Download or read book Notre Dame Cathedral written by Dany Sandron and published by Penn State Press. This book was released on 2020-03-08 with total page 321 pages. Available in PDF, EPUB and Kindle. Book excerpt: Since its construction, Notre Dame Cathedral has played a central role in French cultural identity. In the wake of the tragic fire of 2019, questions of how to restore the fabric of this quintessential French monument are once more at the forefront. This all-too-prescient book, first published in French in 2013, takes a central place in the conversation. The Gothic cathedral par excellence, Notre Dame set the architectural bar in the competitive years of the third quarter of the twelfth century and dazzled the architects and aesthetes of the Enlightenment with its structural ingenuity. In the nineteenth century, the cathedral became the touchstone of a movement to restore medieval patrimony to its rightful place at the cultural heart of France: it was transformed into a colossal laboratory in which architects Jean-Baptiste Lassus and Eugène-Emmanuel Viollet-le-Duc anatomized structures, dismembered them, put them back, or built them anew—all the while documenting their work with scientific precision. Taking as their point of departure a three-dimensional laser scan of the cathedral created in 2010, architectural historians Dany Sandron and the late Andrew Tallon tell the story of the construction and reconstruction of Notre Dame in visual terms. With over a billion points of data, the scan supplies a highly accurate spatial map of the building, which is anatomized and rebuilt virtually.

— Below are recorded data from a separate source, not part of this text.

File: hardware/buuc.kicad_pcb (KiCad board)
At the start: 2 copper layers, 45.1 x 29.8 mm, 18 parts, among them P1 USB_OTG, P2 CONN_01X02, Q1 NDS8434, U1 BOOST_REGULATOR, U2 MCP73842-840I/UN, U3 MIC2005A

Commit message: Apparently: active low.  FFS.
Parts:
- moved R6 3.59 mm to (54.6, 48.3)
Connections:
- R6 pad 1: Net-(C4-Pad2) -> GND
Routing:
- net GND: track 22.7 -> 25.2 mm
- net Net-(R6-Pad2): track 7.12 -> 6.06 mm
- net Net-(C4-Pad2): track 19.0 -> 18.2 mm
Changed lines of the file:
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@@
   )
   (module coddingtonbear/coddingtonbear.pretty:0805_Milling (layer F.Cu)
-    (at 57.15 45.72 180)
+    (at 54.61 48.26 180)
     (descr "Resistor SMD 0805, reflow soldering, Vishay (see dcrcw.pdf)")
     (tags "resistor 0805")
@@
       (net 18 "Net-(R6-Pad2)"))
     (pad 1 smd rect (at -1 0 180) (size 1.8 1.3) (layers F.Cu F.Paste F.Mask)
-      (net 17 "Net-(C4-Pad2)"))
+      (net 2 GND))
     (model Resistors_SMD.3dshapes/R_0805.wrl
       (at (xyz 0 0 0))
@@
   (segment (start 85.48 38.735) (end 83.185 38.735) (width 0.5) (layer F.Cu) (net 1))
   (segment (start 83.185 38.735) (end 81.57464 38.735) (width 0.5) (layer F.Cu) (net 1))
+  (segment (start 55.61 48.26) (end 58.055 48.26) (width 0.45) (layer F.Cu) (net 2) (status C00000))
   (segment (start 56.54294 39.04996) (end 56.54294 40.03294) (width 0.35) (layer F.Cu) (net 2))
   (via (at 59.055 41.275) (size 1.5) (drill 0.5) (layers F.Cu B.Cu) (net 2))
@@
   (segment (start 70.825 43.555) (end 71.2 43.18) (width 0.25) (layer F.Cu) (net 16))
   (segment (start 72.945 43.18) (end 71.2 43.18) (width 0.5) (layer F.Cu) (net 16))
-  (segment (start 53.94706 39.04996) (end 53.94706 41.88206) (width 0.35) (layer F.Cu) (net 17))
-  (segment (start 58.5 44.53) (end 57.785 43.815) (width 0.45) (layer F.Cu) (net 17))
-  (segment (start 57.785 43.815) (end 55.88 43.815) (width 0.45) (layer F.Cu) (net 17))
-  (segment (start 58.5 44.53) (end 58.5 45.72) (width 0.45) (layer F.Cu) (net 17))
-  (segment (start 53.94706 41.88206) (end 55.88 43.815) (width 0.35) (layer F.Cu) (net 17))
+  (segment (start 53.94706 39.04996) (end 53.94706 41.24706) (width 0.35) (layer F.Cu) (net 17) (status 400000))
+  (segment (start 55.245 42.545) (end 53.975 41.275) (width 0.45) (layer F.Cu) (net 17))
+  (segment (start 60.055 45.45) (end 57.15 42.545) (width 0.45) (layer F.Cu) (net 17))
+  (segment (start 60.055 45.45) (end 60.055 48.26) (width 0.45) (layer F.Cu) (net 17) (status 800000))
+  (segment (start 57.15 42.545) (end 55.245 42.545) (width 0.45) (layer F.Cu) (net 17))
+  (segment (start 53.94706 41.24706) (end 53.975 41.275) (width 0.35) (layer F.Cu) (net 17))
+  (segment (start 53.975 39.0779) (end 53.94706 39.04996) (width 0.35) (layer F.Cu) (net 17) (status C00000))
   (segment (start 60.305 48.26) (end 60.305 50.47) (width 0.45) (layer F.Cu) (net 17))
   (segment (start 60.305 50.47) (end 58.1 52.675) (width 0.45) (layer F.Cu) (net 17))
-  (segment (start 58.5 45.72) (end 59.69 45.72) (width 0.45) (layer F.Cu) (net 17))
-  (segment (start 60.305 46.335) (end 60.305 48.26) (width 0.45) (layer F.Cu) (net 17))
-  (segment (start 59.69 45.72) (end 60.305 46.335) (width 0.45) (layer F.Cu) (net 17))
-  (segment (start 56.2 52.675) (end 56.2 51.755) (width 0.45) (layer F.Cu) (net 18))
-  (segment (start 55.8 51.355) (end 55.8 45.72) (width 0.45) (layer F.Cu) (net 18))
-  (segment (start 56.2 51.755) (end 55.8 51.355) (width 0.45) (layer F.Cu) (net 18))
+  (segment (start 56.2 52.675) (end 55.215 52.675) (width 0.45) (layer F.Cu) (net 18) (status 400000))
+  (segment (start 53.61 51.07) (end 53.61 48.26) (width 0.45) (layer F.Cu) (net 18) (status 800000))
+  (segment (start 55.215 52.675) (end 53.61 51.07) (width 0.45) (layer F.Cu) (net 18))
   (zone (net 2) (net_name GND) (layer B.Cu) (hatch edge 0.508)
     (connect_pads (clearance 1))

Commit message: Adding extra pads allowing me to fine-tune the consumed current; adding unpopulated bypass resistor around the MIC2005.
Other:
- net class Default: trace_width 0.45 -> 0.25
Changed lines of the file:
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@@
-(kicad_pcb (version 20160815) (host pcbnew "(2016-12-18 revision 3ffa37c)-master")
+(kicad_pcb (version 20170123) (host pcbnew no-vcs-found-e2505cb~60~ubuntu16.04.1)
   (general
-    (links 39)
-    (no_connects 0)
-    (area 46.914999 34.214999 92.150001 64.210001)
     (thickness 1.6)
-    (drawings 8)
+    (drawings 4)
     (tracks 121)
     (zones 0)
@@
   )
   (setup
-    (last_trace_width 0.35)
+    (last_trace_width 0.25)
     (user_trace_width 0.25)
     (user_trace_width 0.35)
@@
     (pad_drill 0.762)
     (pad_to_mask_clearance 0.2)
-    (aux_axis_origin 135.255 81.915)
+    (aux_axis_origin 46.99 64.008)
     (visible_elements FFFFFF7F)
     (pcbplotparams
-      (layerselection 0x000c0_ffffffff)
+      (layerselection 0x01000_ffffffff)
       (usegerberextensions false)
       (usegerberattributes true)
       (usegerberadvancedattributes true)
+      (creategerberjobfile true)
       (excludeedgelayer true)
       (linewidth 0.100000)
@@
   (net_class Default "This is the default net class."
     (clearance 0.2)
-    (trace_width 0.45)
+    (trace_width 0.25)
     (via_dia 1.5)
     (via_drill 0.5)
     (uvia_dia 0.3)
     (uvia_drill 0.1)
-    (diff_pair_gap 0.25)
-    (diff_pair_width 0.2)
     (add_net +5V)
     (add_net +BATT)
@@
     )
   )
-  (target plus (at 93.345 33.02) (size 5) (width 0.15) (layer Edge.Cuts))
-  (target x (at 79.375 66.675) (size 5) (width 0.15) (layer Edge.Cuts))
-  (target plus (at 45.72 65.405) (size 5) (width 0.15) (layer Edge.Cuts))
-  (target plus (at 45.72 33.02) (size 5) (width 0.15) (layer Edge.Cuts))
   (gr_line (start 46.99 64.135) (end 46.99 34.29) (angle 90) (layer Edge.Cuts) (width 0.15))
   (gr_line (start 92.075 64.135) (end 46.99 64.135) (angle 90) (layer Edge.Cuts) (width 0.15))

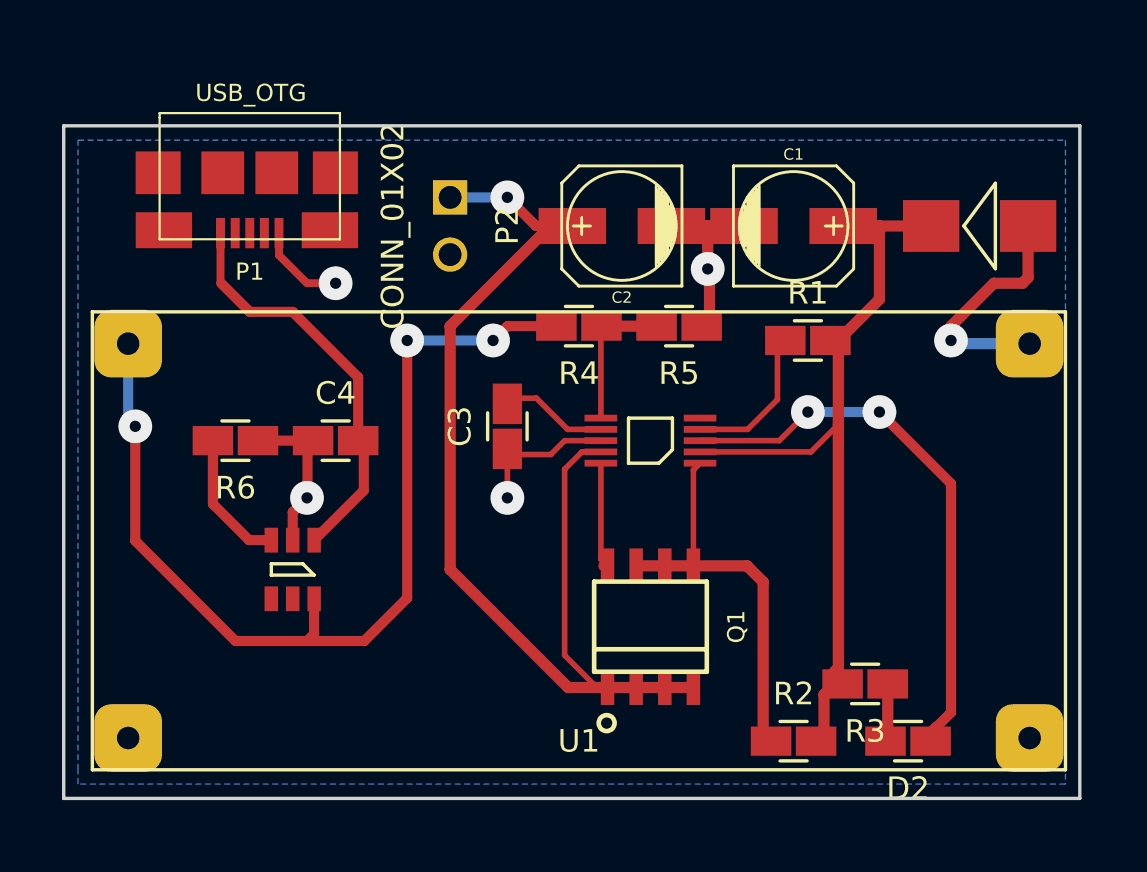
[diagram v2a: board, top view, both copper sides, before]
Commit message: Updating to use a grid of current sense resistors for configurability.
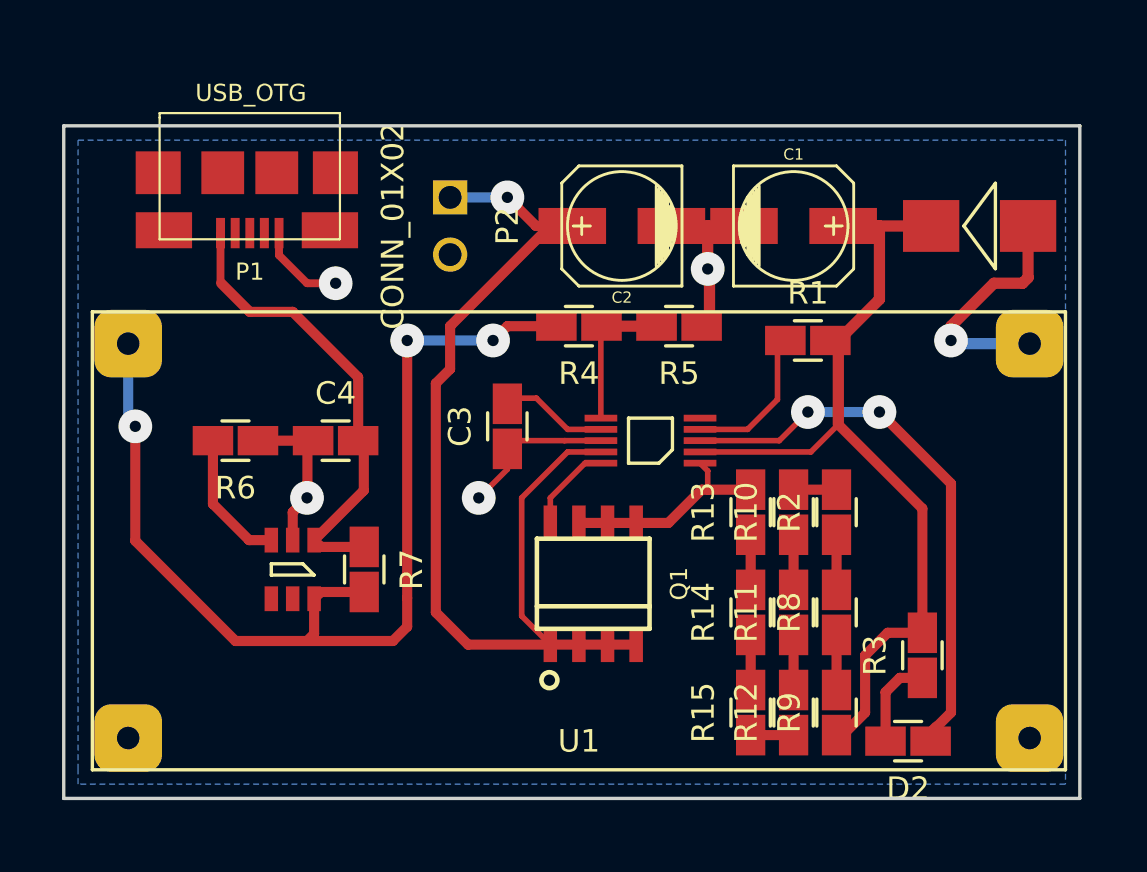
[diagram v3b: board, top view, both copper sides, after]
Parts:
- added R10: 0, coddingtonbear/coddingtonbear.pretty:0805_Milling, F.Cu at (79.4, 51.4)
- added R11: 0, coddingtonbear/coddingtonbear.pretty:0805_Milling, F.Cu at (79.4, 55.9)
- added R12: 0, coddingtonbear/coddingtonbear.pretty:0805_Milling, F.Cu at (79.4, 60.3)
- added R13: 0, coddingtonbear/coddingtonbear.pretty:0805_Milling, F.Cu at (77.5, 51.4)
- added R14: 0, coddingtonbear/coddingtonbear.pretty:0805_Milling, F.Cu at (77.5, 55.9)
- added R15: 0, coddingtonbear/coddingtonbear.pretty:0805_Milling, F.Cu at (77.5, 60.3)
- added R7: EMPTY, coddingtonbear/coddingtonbear.pretty:0805_Milling, F.Cu at (60.3, 54.0)
- added R8: 0, coddingtonbear/coddingtonbear.pretty:0805_Milling, F.Cu at (81.3, 55.9)
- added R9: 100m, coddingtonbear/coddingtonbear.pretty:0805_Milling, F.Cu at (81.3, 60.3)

Fourteen double-page images represent the cathedral at specific points in time, while the accompanying text sets out the history of the building, addressing key topics such as the fundraising campaign, the construction of the vaults, and the liturgical function of the choir. Featuring 170 full-color illustrations and elegantly translated by Andrew Tallon and Lindsay Cook, Notre Dame Cathedral is an enlightening history of one of the world’s most treasured architectural achievements.